◆ Exercise goal: Within the records, which lines hold the string "color"? Report each one by copying it.

----- Dataset excerpts -----

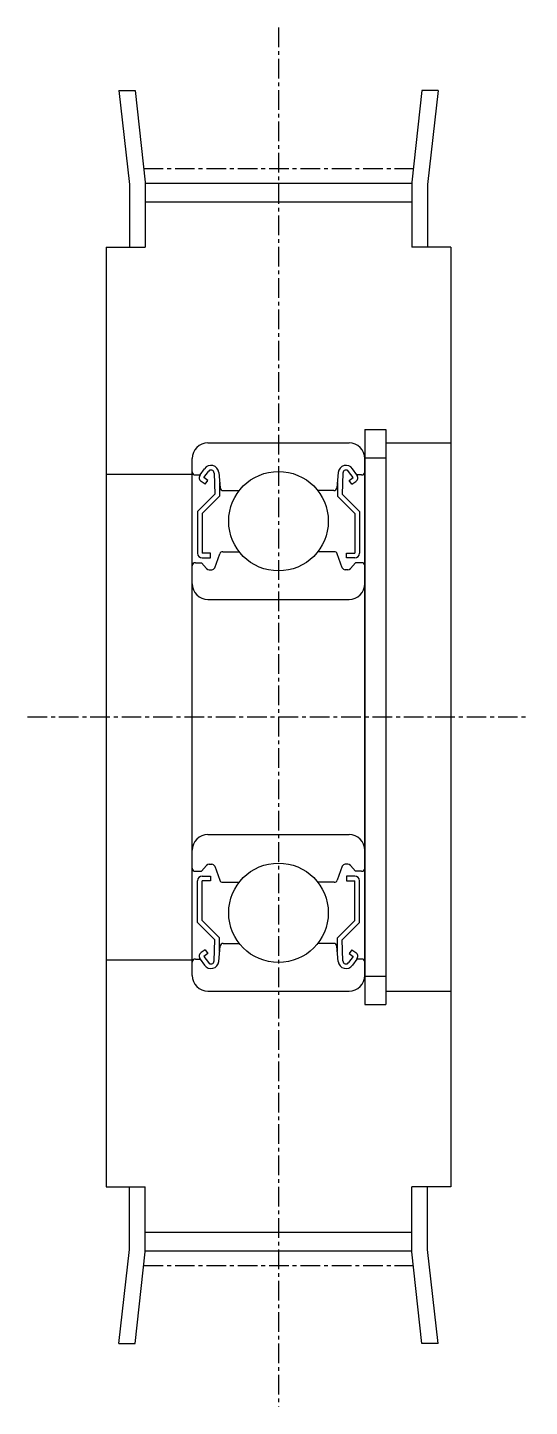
# Model space of a CAD drawing. Extents: x 68 to 220, y 69 to 228.
# Drawn here: x 188.2 to 220.2, y 140.4 to 228.5 of the extents above; entities outside this region: 2.
import ezdxf

# ---------------------------------------------------------------- set-up
doc = ezdxf.new("R2010")
doc.units = 0
doc.linetypes.add('CENTER', pattern=[2, 1.25, -0.25, 0.25, -0.25])
doc.layers.get('0').update_dxf_attribs({"linetype": 'CONTINUOUS'})
doc.layers.add('CENTER', color=1, linetype='CENTER')

msp = doc.modelspace()

# ---------------------------------------------------------------- linework, layer by layer
for p, q in [((193.979, 224.45), (195.014, 224.45)), ((193.979, 224.45), (194.658, 218.448)), ((195.014, 224.45), (195.658, 218.58)), ((213.302, 224.45), (212.658, 218.58)), ((214.337, 224.45), (213.302, 224.45)), ((214.337, 224.45), (213.658, 218.448)), ((194.658, 218.448), (194.658, 214.45)), ((195.658, 218.58), (195.658, 214.45)), ((195.658, 218.525), (212.658, 218.525)), ((212.658, 218.58), (212.658, 214.45)), ((213.658, 218.448), (213.658, 214.45)), ((195.658, 217.325), (212.658, 217.325)), ((193.158, 214.45), (193.158, 154.45)), ((193.158, 214.45), (195.658, 214.45)), ((215.158, 214.45), (212.658, 214.45)), ((215.158, 214.45), (215.158, 154.45)), ((209.658, 202.8), (211.006, 202.8)), ((209.658, 202.8), (209.658, 166.1)), ((211.006, 202.8), (211.006, 166.1)), ((199.658, 201.95), (208.658, 201.95)), ((211.006, 201.95), (215.158, 201.95)), ((198.658, 167.95), (198.658, 200.95)), ((209.656, 201), (211.006, 201)), ((209.658, 167.95), (209.658, 200.95)), ((193.158, 199.95), (198.658, 199.95)), ((198.858, 199.9), (199.158, 199.9)), ((199.158, 199.9), (199.437, 200.297)), ((199.404, 199.728), (199.686, 200.13)), ((200.05, 200.022), (200.1, 198.674)), ((200.344, 200.054), (200.43, 199.082)), ((207.972, 200.054), (207.886, 199.082)), ((208.266, 200.022), (208.216, 198.674)), ((208.912, 199.728), (208.63, 200.13)), ((209.158, 199.9), (208.879, 200.297)), ((209.458, 199.9), (209.158, 199.9)), ((199.477, 199.31), (199.231, 199.481)), ((199.649, 199.555), (199.404, 199.728)), ((199.477, 199.31), (199.649, 199.555)), ((200.4, 199.421), (200.4, 198.55)), ((207.916, 199.421), (207.916, 198.55)), ((208.667, 199.555), (208.912, 199.728)), ((208.839, 199.31), (208.667, 199.555)), ((208.839, 199.31), (209.084, 199.481)), ((200.1, 198.674), (199, 197.574)), ((200.4, 198.55), (199.3, 197.45)), ((200.629, 198.9), (201.652, 198.9)), ((207.687, 198.9), (206.664, 198.9)), ((207.916, 198.55), (209.016, 197.45)), ((208.216, 198.674), (209.316, 197.574)), ((199, 197.574), (199, 194.9)), ((199.3, 197.45), (199.3, 194.9)), ((209.016, 197.45), (209.016, 194.9)), ((209.316, 197.574), (209.316, 194.9)), ((199.82, 194.9), (199.3, 194.9)), ((199.3, 194.6), (199.82, 194.6)), ((199.82, 194.6), (199.82, 194.9)), ((200.092, 193.981), (200.415, 194.868)), ((200.603, 195), (201.652, 195)), ((207.713, 195), (206.664, 195)), ((208.224, 193.981), (207.901, 194.868)), ((208.496, 194.6), (208.496, 194.9)), ((208.496, 194.9), (209.016, 194.9)), ((209.016, 194.6), (208.496, 194.6)), ((198.858, 194.3), (199.258, 194.3)), ((199.258, 194.3), (199.576, 193.921)), ((199.729, 193.85), (199.904, 193.85)), ((208.587, 193.85), (208.412, 193.85)), ((209.058, 194.3), (208.74, 193.921)), ((209.458, 194.3), (209.058, 194.3)), ((199.658, 191.95), (208.658, 191.95)), ((199.658, 176.95), (208.658, 176.95)), ((198.658, 176.2), (198.658, 176.2)), ((198.858, 174.6), (199.258, 174.6)), ((199.258, 174.6), (199.576, 174.978)), ((199.3, 174.3), (199.82, 174.3)), ((199.729, 175.05), (199.904, 175.05)), ((199.82, 174.3), (199.82, 174)), ((200.092, 174.918), (200.415, 174.031)), ((208.224, 174.918), (207.901, 174.031)), ((208.587, 175.05), (208.412, 175.05)), ((209.016, 174.3), (208.496, 174.3)), ((208.496, 174.3), (208.496, 174)), ((209.058, 174.6), (208.74, 174.978)), ((209.458, 174.6), (209.058, 174.6)), ((199, 171.326), (199, 174)), ((199.3, 171.45), (199.3, 174)), ((199.82, 174), (199.3, 174)), ((200.603, 173.9), (201.652, 173.9)), ((207.713, 173.9), (206.664, 173.9)), ((208.496, 174), (209.016, 174)), ((209.016, 171.45), (209.016, 174)), ((209.316, 171.326), (209.316, 174)), ((200.1, 170.226), (199, 171.326)), ((200.4, 170.35), (199.3, 171.45)), ((207.916, 170.35), (209.016, 171.45)), ((208.216, 170.226), (209.316, 171.326)), ((200.05, 168.877), (200.1, 170.226)), ((200.4, 169.479), (200.4, 170.35)), ((200.629, 170), (201.652, 170)), ((207.687, 170), (206.664, 170)), ((207.916, 169.479), (207.916, 170.35)), ((208.266, 168.877), (208.216, 170.226)), ((198.858, 169), (199.158, 169)), ((199.158, 169), (199.437, 168.603)), ((199.477, 169.59), (199.231, 169.418)), ((199.649, 169.345), (199.404, 169.172)), ((199.404, 169.172), (199.686, 168.77)), ((199.477, 169.59), (199.649, 169.345)), ((200.344, 168.846), (200.43, 169.817)), ((207.972, 168.846), (207.886, 169.817)), ((208.912, 169.172), (208.63, 168.77)), ((208.839, 169.59), (208.667, 169.345)), ((208.667, 169.345), (208.912, 169.172)), ((208.839, 169.59), (209.084, 169.418)), ((209.158, 169), (208.879, 168.603)), ((209.458, 169), (209.158, 169)), ((193.158, 168.95), (198.658, 168.95)), ((209.656, 167.9), (211.006, 167.9)), ((199.658, 166.95), (208.658, 166.95)), ((211.006, 166.95), (215.158, 166.95)), ((209.658, 166.1), (211.006, 166.1)), ((193.158, 154.45), (195.658, 154.45)), ((194.658, 150.451), (194.658, 154.45)), ((195.658, 150.32), (195.658, 154.45)), ((212.658, 150.32), (212.658, 154.45)), ((215.158, 154.45), (212.658, 154.45)), ((213.658, 150.451), (213.658, 154.45)), ((195.658, 151.575), (212.658, 151.575)), ((193.979, 144.45), (194.658, 150.451)), ((195.014, 144.45), (195.658, 150.32)), ((195.658, 150.375), (212.658, 150.375)), ((213.302, 144.45), (212.658, 150.32)), ((214.337, 144.45), (213.658, 150.451)), ((193.979, 144.45), (195.014, 144.45)), ((214.337, 144.45), (213.302, 144.45))]:
    msp.add_line(p, q)
for centre in [(204.158, 196.95), (204.158, 171.95)]:
    msp.add_circle(centre, 3.175)
for centre, radius, start, end in [((199.658, 200.95), 1, 90, 180), ((208.658, 200.95), 1, 0, 90), ((198.858, 200.1), 0.2, 180, 270), ((199.403, 199.727), 0.3, 144.93555, 235.03769), ((199.846, 200.01), 0.5, 5.06502, 144.93555), ((199.85, 200.015), 0.2, 2.13118, 144.93675), ((208.47, 200.01), 0.5, 35.06445, 174.93498), ((208.466, 200.015), 0.2, 35.06325, 177.86882), ((208.912, 199.727), 0.3, 304.96231, 35.06445), ((209.458, 200.1), 0.2, 270, 0), ((200.629, 199.1), 0.2, 185.06502, 270), ((207.687, 199.1), 0.2, 270, 354.93498), ((199.3, 194.9), 0.3, 180, 270), ((200.603, 194.8), 0.2, 90, 159.97033), ((207.713, 194.8), 0.2, 20.02967, 90), ((209.016, 194.9), 0.3, 270, 0), ((198.858, 194.1), 0.2, 90, 180), ((199.729, 194.05), 0.2, 219.99699, 270), ((199.904, 194.05), 0.2, 270, 339.97033), ((208.412, 194.05), 0.2, 200.02967, 270), ((208.587, 194.05), 0.2, 270, 320.00301), ((209.458, 194.1), 0.2, 0, 90), ((199.658, 192.95), 1, 180, 270), ((208.658, 192.95), 1, 270, 0), ((199.658, 175.95), 1, 90, 180), ((208.658, 175.95), 1, 0, 90), ((198.858, 174.8), 0.2, 180, 270), ((199.3, 174), 0.3, 90, 180), ((199.729, 174.85), 0.2, 90, 140.00301), ((199.904, 174.85), 0.2, 20.02967, 90), ((208.412, 174.85), 0.2, 90, 159.97033), ((208.587, 174.85), 0.2, 39.99699, 90), ((209.016, 174), 0.3, 0, 90), ((209.458, 174.8), 0.2, 270, 0), ((200.603, 174.1), 0.2, 200.02967, 270), ((207.713, 174.1), 0.2, 270, 339.97033), ((200.629, 169.8), 0.2, 90, 174.93498), ((207.687, 169.8), 0.2, 5.06502, 90), ((198.858, 168.8), 0.2, 90, 180), ((199.403, 169.172), 0.3, 124.96231, 215.06445), ((208.912, 169.172), 0.3, 324.93555, 55.03769), ((209.458, 168.8), 0.2, 0, 90), ((199.846, 168.89), 0.5, 215.06445, 354.93498), ((199.85, 168.885), 0.2, 215.06325, 357.86882), ((208.47, 168.89), 0.5, 185.06502, 324.93555), ((208.466, 168.885), 0.2, 182.13118, 324.93675), ((199.658, 167.95), 1, 180, 270), ((208.658, 167.95), 1, 270, 0)]:
    msp.add_arc(centre, radius, start, end)
at = {"layer": 'CENTER', "color": 1, "linetype": 'CENTER'}
for p, q in [((204.158, 228.457), (204.158, 140.443)), ((195.561, 219.465), (212.755, 219.465)), ((188.158, 184.45), (220.158, 184.45)), ((195.561, 149.435), (212.755, 149.435))]:
    msp.add_line(p, q, dxfattribs=at)

# ---------------------------------------------------------------- texts
for p in [(67.776, 83.806), (67.776, 68.806)]:
    msp.add_text('AHTF22T10150', height=4).set_placement(p)

doc.saveas('drawing.dxf')

-----

◆ Written answer:
doc.layers.add('CENTER', color=1, linetype='CENTER')
at = {"layer": 'CENTER', "color": 1, "linetype": 'CENTER'}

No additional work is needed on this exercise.